As a 501(c)3 nonprofit organization, OSTIF has remained devoted to strengthening the Internet by improving the security of free and open-source software. We are committed to helping our partners and clients get the resources they need to maintain secure and reliable software.
“OSTIF has had a long journey. From a list of issues on a sheet of paper to a worldwide coalition of people and businesses working together to create a safer digital world for all of us.”
–Derek Zimmer, Chief Executive Officer
We enhance the worlds security software by providing crucial support and resources to major and noteworthy open-source projects. Success involves a 3 point strategy.
- Bug Bounties – The OSTIF creates bounties that will be paid out to anyone who finds a major security bug in any of our supported projects.
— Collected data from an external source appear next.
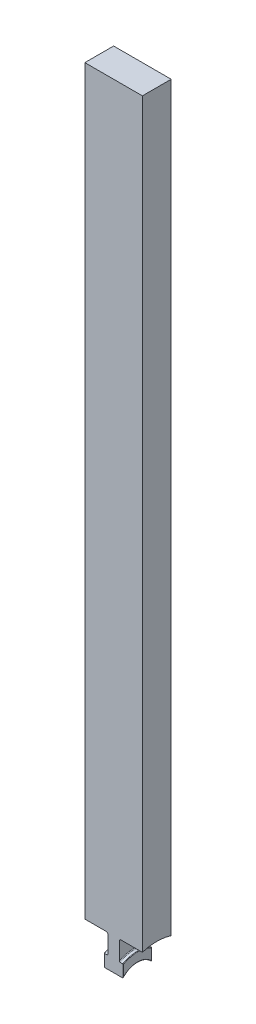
ISO-10303-21;
HEADER;
FILE_DESCRIPTION(('STEP AP214'),'2;1');
FILE_NAME('part.step','',(''),(''),'','','');
FILE_SCHEMA(('AUTOMOTIVE_DESIGN { 1 0 10303 214 1 1 1 1 }'));
ENDSEC;
DATA;
#1=APPLICATION_CONTEXT('core data for automotive mechanical design processes');
#2=APPLICATION_PROTOCOL_DEFINITION('international standard','automotive_design',2000,#1);
#3=PRODUCT_CONTEXT('',#1,'mechanical');
#4=PRODUCT('Part','Part','',(#3));
#5=PRODUCT_RELATED_PRODUCT_CATEGORY('part','',(#4));
#6=PRODUCT_DEFINITION_FORMATION('','',#4);
#7=PRODUCT_DEFINITION_CONTEXT('part definition',#1,'design');
#8=PRODUCT_DEFINITION('design','',#6,#7);
#9=PRODUCT_DEFINITION_SHAPE('','',#8);
#10=(LENGTH_UNIT() NAMED_UNIT(*) SI_UNIT(.MILLI.,.METRE.));
#11=(NAMED_UNIT(*) PLANE_ANGLE_UNIT() SI_UNIT($,.RADIAN.));
#12=(NAMED_UNIT(*) SI_UNIT($,.STERADIAN.) SOLID_ANGLE_UNIT());
#13=UNCERTAINTY_MEASURE_WITH_UNIT(LENGTH_MEASURE(1.E-05),#10,'distance_accuracy_value','');
#14=(GEOMETRIC_REPRESENTATION_CONTEXT(3) GLOBAL_UNCERTAINTY_ASSIGNED_CONTEXT((#13)) GLOBAL_UNIT_ASSIGNED_CONTEXT((#10,
#11,#12)) REPRESENTATION_CONTEXT('',''));
#15=CARTESIAN_POINT('',(0.,0.,0.));
#16=DIRECTION('',(0.,0.,1.));
#17=DIRECTION('',(1.,0.,0.));
#18=AXIS2_PLACEMENT_3D('',#15,#16,#17);
#19=CARTESIAN_POINT('',(15.,410.,7.50000000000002));
#20=DIRECTION('',(0.,0.,-1.));
#21=DIRECTION('',(0.,1.,0.));
#22=AXIS2_PLACEMENT_3D('',#19,#20,#21);
#23=PLANE('',#22);
#24=DIRECTION('',(-1.,0.,0.));
#25=VECTOR('',#24,1.);
#26=CARTESIAN_POINT('',(-8.84822894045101,12.9903810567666,7.49999999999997));
#27=LINE('',#26,#25);
#28=CARTESIAN_POINT('',(-4.75,12.9903810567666,7.49999999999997));
#29=VERTEX_POINT('',#28);
#30=CARTESIAN_POINT('',(-3.381,12.9903810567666,7.49999999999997));
#31=VERTEX_POINT('',#30);
#32=EDGE_CURVE('E731',#29,#31,#27,.F.);
#33=ORIENTED_EDGE('',*,*,#32,.F.);
#34=DIRECTION('',(0.,1.,0.));
#35=VECTOR('',#34,1.);
#36=CARTESIAN_POINT('',(-4.75000000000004,410.,7.50000000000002));
#37=LINE('',#36,#35);
#38=CARTESIAN_POINT('',(-4.75,6.61437827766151,7.49999999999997));
#39=VERTEX_POINT('',#38);
#40=EDGE_CURVE('E442',#29,#39,#37,.F.);
#41=ORIENTED_EDGE('',*,*,#40,.T.);
#42=DIRECTION('',(1.,0.,0.));
#43=VECTOR('',#42,1.);
#44=CARTESIAN_POINT('',(-15.,6.61437827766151,7.49999999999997));
#45=LINE('',#44,#43);
#46=CARTESIAN_POINT('',(4.75,6.61437827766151,7.49999999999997));
#47=VERTEX_POINT('',#46);
#48=EDGE_CURVE('E212',#39,#47,#45,.T.);
#49=ORIENTED_EDGE('',*,*,#48,.T.);
#50=DIRECTION('',(0.,-1.,0.));
#51=VECTOR('',#50,1.);
#52=CARTESIAN_POINT('',(4.74999999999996,410.,7.50000000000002));
#53=LINE('',#52,#51);
#54=CARTESIAN_POINT('',(4.75,12.9903810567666,7.49999999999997));
#55=VERTEX_POINT('',#54);
#56=EDGE_CURVE('E440',#47,#55,#53,.F.);
#57=ORIENTED_EDGE('',*,*,#56,.T.);
#58=DIRECTION('',(-1.,0.,0.));
#59=VECTOR('',#58,1.);
#60=CARTESIAN_POINT('',(-8.84822894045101,12.9903810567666,7.49999999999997));
#61=LINE('',#60,#59);
#62=CARTESIAN_POINT('',(3.381,12.9903810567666,7.49999999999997));
#63=VERTEX_POINT('',#62);
#64=EDGE_CURVE('E734',#63,#55,#61,.F.);
#65=ORIENTED_EDGE('',*,*,#64,.F.);
#66=CARTESIAN_POINT('',(3.381,12.9903810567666,7.49999999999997));
#67=CARTESIAN_POINT('',(3.36159348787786,12.990351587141,7.49999999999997));
#68=CARTESIAN_POINT('',(3.34220939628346,12.9920910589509,7.49999999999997));
#69=CARTESIAN_POINT('',(3.30411089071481,12.9988686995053,7.49999999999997));
#70=CARTESIAN_POINT('',(3.28539391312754,13.0038923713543,7.49999999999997));
#71=CARTESIAN_POINT('',(3.24909102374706,13.0169971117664,7.49999999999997));
#72=CARTESIAN_POINT('',(3.23150411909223,13.0250754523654,7.49999999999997));
#73=CARTESIAN_POINT('',(3.19783116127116,13.0439266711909,7.49999999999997));
#74=CARTESIAN_POINT('',(3.18174642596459,13.054701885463,7.49999999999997));
#75=CARTESIAN_POINT('',(3.15058262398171,13.0791681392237,7.49999999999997));
#76=CARTESIAN_POINT('',(3.1356009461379,13.0929827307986,7.49999999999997));
#77=CARTESIAN_POINT('',(3.10785285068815,13.1226713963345,7.49999999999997));
#78=CARTESIAN_POINT('',(3.09508691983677,13.1385459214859,7.49999999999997));
#79=CARTESIAN_POINT('',(3.07041818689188,13.1740413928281,7.49999999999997));
#80=CARTESIAN_POINT('',(3.05883169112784,13.1938820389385,7.49999999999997));
#81=CARTESIAN_POINT('',(3.03871875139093,13.235070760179,7.49999999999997));
#82=CARTESIAN_POINT('',(3.03019562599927,13.2564204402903,7.49999999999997));
#83=CARTESIAN_POINT('',(3.01549657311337,13.3025258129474,7.49999999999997));
#84=CARTESIAN_POINT('',(3.00968374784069,13.3273972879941,7.49999999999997));
#85=CARTESIAN_POINT('',(3.00193752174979,13.3776913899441,7.49999999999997));
#86=CARTESIAN_POINT('',(2.99999691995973,13.4031129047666,7.49999999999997));
#87=CARTESIAN_POINT('',(3.,13.428520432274,7.49999999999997));
#88=B_SPLINE_CURVE_WITH_KNOTS('',3,(#66,#67,#68,#69,#70,#71,#72,#73,#74,#75,#76,#77,#78,#79,#80,
#81,#82,#83,#84,#85,#86,#87),.UNSPECIFIED.,.F.,.F.,(4,2,2,2,2,2,2,2,2,2,4),(0.,
0.0581065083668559,0.115958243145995,0.173758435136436,0.231608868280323,0.292501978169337,
0.353408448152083,0.422061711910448,0.490789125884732,0.567105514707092,0.643279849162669),.UNSPECIFIED.);
#89=CARTESIAN_POINT('',(3.,13.428520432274,7.49999999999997));
#90=VERTEX_POINT('',#89);
#91=EDGE_CURVE('E312',#63,#90,#88,.T.);
#92=ORIENTED_EDGE('',*,*,#91,.T.);
#93=DIRECTION('',(0.,-1.,0.));
#94=VECTOR('',#93,1.);
#95=CARTESIAN_POINT('',(3.,410.,7.50000000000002));
#96=LINE('',#95,#94);
#97=CARTESIAN_POINT('',(3.,22.5220479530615,7.49999999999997));
#98=VERTEX_POINT('',#97);
#99=EDGE_CURVE('E464',#98,#90,#96,.T.);
#100=ORIENTED_EDGE('',*,*,#99,.F.);
#101=CARTESIAN_POINT('',(3.,22.5220479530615,7.49999999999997));
#102=CARTESIAN_POINT('',(2.99997149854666,22.5689651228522,7.49999999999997));
#103=CARTESIAN_POINT('',(3.00389939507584,22.6158879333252,7.49999999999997));
#104=CARTESIAN_POINT('',(3.01949238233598,22.7084725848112,7.49999999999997));
#105=CARTESIAN_POINT('',(3.03116447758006,22.754133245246,7.49999999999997));
#106=CARTESIAN_POINT('',(3.06208646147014,22.8428798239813,7.49999999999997));
#107=CARTESIAN_POINT('',(3.08134457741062,22.885962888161,7.49999999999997));
#108=CARTESIAN_POINT('',(3.12700930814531,22.9681343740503,7.49999999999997));
#109=CARTESIAN_POINT('',(3.15341113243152,23.0072254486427,7.49999999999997));
#110=CARTESIAN_POINT('',(3.21190757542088,23.0791064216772,7.49999999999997));
#111=CARTESIAN_POINT('',(3.24382440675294,23.1120407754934,7.49999999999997));
#112=CARTESIAN_POINT('',(3.31300016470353,23.171752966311,7.49999999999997));
#113=CARTESIAN_POINT('',(3.35025938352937,23.1985304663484,7.49999999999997));
#114=CARTESIAN_POINT('',(3.42707441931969,23.2437458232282,7.49999999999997));
#115=CARTESIAN_POINT('',(3.46642748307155,23.262528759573,7.49999999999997));
#116=CARTESIAN_POINT('',(3.54780361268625,23.2928652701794,7.49999999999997));
#117=CARTESIAN_POINT('',(3.58982304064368,23.3044284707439,7.49999999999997));
#118=CARTESIAN_POINT('',(3.65386676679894,23.3160362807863,7.49999999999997));
#119=CARTESIAN_POINT('',(3.67540624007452,23.3189494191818,7.49999999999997));
#120=CARTESIAN_POINT('',(3.71862671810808,23.322833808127,7.49999999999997));
#121=CARTESIAN_POINT('',(3.74030745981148,23.323807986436,7.49999999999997));
#122=CARTESIAN_POINT('',(3.76199999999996,23.3238075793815,7.49999999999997));
#123=B_SPLINE_CURVE_WITH_KNOTS('',3,(#101,#102,#103,#104,#105,#106,#107,#108,#109,#110,#111,
#112,#113,#114,#115,#116,#117,#118,#119,#120,#121,#122),.UNSPECIFIED.,.F.,.F.,(4,2,2,2,2,2,2,2,
2,2,4),(0.,0.140598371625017,0.281324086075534,0.422202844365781,0.562987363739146,
0.699875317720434,0.836770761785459,0.966940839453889,1.09693698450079,1.16206792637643,
1.22710044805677),.UNSPECIFIED.);
#124=CARTESIAN_POINT('',(3.762,23.3238075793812,7.49999999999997));
#125=VERTEX_POINT('',#124);
#126=EDGE_CURVE('E277',#98,#125,#123,.T.);
#127=ORIENTED_EDGE('',*,*,#126,.T.);
#128=DIRECTION('',(-1.,0.,0.));
#129=VECTOR('',#128,1.);
#130=CARTESIAN_POINT('',(-8.84822894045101,23.3238075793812,7.49999999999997));
#131=LINE('',#130,#129);
#132=CARTESIAN_POINT('',(15.,23.3238075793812,7.49999999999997));
#133=VERTEX_POINT('',#132);
#134=EDGE_CURVE('E741',#133,#125,#131,.T.);
#135=ORIENTED_EDGE('',*,*,#134,.F.);
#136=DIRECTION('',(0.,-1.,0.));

These grants incentivize the world to comb through the code of our projects and look for problems, dramatically improving the worlds confidence in the integrity and security of the projects.
- Direct Code Improvements Through Grants – The OSTIF gives grants to worthy projects in order to facilitate code changes to make improvements or upgrades to existing projects, allowing them to advance in quality, features, or proper documentation of code at a much faster pace.
- Professional Audits – The OSTIF gives grants to well-known professionals to audit code and look for bugs, back doors, or other errata. This will add another layer of confidence to the integrity and security of the projects.
Education – The OSTIF builds public knowledge about how to use open-source software to protect their digital privacy and secure their data.
Through these avenues the Open Source Technology Improvement Fund improves the critical security infrastructure of the Internet and be a force for strong security and privacy in the world.